The catalyst developed for the DEMCAMER project (B-Ru/TiO2) achieved high values of activity, selectivity, and stability in compliance with the initial targets (Table 3) proposed. It should be mentioned that hydrocarbon productivity with the final FTS catalyst formulation was higher than that reported for the benchmark Co-based and also identified in the industrial requirements for the intensification of targeted FTS reaction. The stability of the B-Ru/TiO2 FTS catalyst achieves a CO conversion above 60% maintained for up to 80 h on stream, hence the stability under reacting conditions was also demonstrated.
This catalyst was used for the demonstration of the reactor concept at lab-scale. Before this, the performance of the Pd-Ag membrane used in this process has been evaluated. In this case the membrane was prepared by standard electroless platting. However, the normal operating conditions for these types of membranes is always above 300 °C in order to avoid “embrittlement” of the Pd-layer resulting in a decrease in the ideal selectivity. However, FTS process takes place at lower temperatures and this effect might be present in the system. Due to this fact, more Ag is added in the metallic layer, which increases the resistance to this defect at lower temperatures. In this case the Ag was added into the membrane by PVD techniques.
Another problem associated with the FTS reaction, and related to the use of selective Pd-Ag membranes for H2 separation (feeding for this process), is the presence of CO in the bed. CO is a poisoning gas for the membranes since it becomes adsorbed in the matrix of the Pd layer, therefore reducing the surface area available for permeation. Moreover, the CO poisoning effect is even more important at lower temperatures, which is actually the case of interest. Figure 22 shows the effect of the gas fed into the system on the amount of H2 permeated through the membrane. As observed, for the same H2 partial pressures at both sides of the membrane, the presence of CO clearly effects H2 permeation in the system. Once having studied the effect of CO on the membrane, lab-scale experiments were carried out in the setup described in Section 2.3.3. In this case, two different configurations were compared (packed bed reactor with and without membrane).
The best conditions in terms of selectivity for the desired products were obtained when poor H2 syngas (H2/CO = 1) was fed into the reaction chamber from the inside of the membrane, while the H2 needed to reach the right FTS stoichiometry (H2/CO = 2) was fed (and properly distributed) into the reaction chamber through the Pd-based membranes by flowing H2/He at the outer side of the membrane. Figure 23 compares CO conversion for the different concepts investigated. It is observed that the PB-MR configuration gets an intermediate CO conversion (37.9%) compared to the packed bed system with the stoichiometric H2/CO ratio of two (50.7%) and much higher than the H2/CO ratio of one (14.1%). Positively, product selectivity is remarkably affected by the “more adequate” H2-distribution attained in the PB-MR and the selectivity towards the targeted high-molecular hydrocarbons increases by a factor of four. In addition, a significant decrease of CH4 production (from 60% to 15%) is also observed when compared to PB. Under the studied experimental conditions, membranes tend to deactivate after a few hours on stream (probably due to the formation of waxes) but their performance can be recovered by in-situ thermal treatments under inert atmosphere as explained in the literature [24].

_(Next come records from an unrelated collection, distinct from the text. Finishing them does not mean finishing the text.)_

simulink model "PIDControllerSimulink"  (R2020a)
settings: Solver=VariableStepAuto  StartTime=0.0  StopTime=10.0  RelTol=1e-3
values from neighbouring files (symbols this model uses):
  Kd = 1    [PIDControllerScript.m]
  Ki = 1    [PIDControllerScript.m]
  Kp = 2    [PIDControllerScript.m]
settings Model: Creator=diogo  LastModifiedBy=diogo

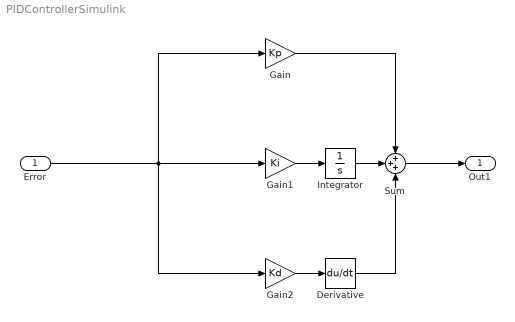
== system PIDControllerSimulink ==
  Error : Inport
  Derivative : Derivative
  Gain : Gain  Gain=Kp
  Gain1 : Gain  Gain=Ki
  Gain2 : Gain  Gain=Kd
  Integrator : Integrator
  Sum : Sum  Inputs=+++
  Out1 : Outport
  wires:
  Error/1 -> Gain1/1, Gain2/1, Gain/1
  Gain/1 -> Sum/1
  Gain1/1 -> Integrator/1
  Integrator/1 -> Sum/2
  Sum/1 -> Out1/1
  Gain2/1 -> Derivative/1
  Derivative/1 -> Sum/3

3.4. Oxidative Coupling of Methane

The same MIEC membranes prepared and tested for the ATR process were used during the OCM process. Therefore this section is focused on the catalyst activity, lab scale reaction, and final prototype reaction, but not on the membranes themselves as they have already been presented and discussed in Section 3.2.
The developed OCM catalyst for the project achieved a high activity/selectivity (CH4 conversion = 55%, C2 yield = 22%), which is close to the best results reported in the state-of-the-art literature.
Lab scale reaction was carried out by placing the developed catalyst inside the MIEC membrane and selective feeding of oxygen from the retentate side. Lab scale experiments were performed at different temperatures and the phase maps of five identified crystalline phases and one amorphous phase of the catalyst (also the BCFZ reflection) were monitored in the X-Ray diffraction computed tomography (XRD-CT) equipment (Figure 24). At room temperature, Mn2O3 and Na2WO4 are clearly present as active phases in the catalyst (also the support SiO2 (cristobalite and tridymite) can be clearly identified). However, once the reaction takes place at 675 °C, it is observed that the Na2WO4 phase disappears, which corresponds to the formation of an amorphous phase. Simultaneously, the formation of a new crystalline phase near the membrane and identified as BaWO4 is observed, which implies a migration of the active phases in the catalysts to a new reorganization that occurs at high temperatures. This effect can be better observed after OCM reaction via Scanning Electron Microscopy coupled with Wavelength Dispersive X-ray Spectrometry (SEM–WDS) characterization in the surroundings of the BCFZ membrane. In Figure 25, where qualitative elemental analysis is depicted at two different magnifications, the migration of W from the catalyst to the surface of the membrane to form the BaWO4 is observed, which supports the findings observed in the XRD-CT reaction monitoring.
The outflow gases from the OCM lab-scale reactor were analyzed with mass spectrometry. In this case, different scenarios are presented in Figure 26 corresponding to different gas mixtures of CH4 diluted in He). It can be observed that the presence of C2+ (pink trend in Figure 26) is only observed once the reaction starts (i.e., when diluted CH4 is fed into the reactor) and it is increased with increasing fuel concentration at the inlet of the reactor. What becomes more interesting is that, even though there is migration of W towards the membrane, higher hydrocarbons molecules as compared to CH4 are formed during the reaction (C2 and C3 fractions).
Moving towards the prototype reactor, the MIEC membranes were not able to withstand the mechanical strength required for the coupling to the reactor and at this stage the technology for the OCM reaction failed to deliver results beyond the laboratory scale. In order to demonstrate the OCM-MR concept, significant improvements are needed on the robustness of the MIEC membranes before any industrial application under safe conditions could be imagined.

4. Conclusions

The DEMCAMER project aimed at the development of novel membrane reactors to provide important process intensification for key processes in the chemical engineering field. The industrial processes studied in this project have some drawbacks (viz. global efficiency, CO2 emissions, and volume of the process) that can be solved or reduced by using more compact systems that integrate reaction and separation in the same unit. For all the processes studied in this project (ATR, WGS, FTS and OCM), the streamline followed was similar. First was the development of active catalysts for the experimental conditions present in membrane reactors, which differ from those in benchmark technologies. In parallel, improved membranes for H2 and O2 permeation were investigated. In general, stability over time and mechanical resistance were the two main characteristics aimed for in this project. Subsequently, the interaction between the catalyst and the membranes, and the performance of the reactor concept were proven at lab-scale when combining both at reactive conditions. Finally, and following Hazard and Operability (HAZOP) procedures, all membrane reactors were scaled up to prototype scale.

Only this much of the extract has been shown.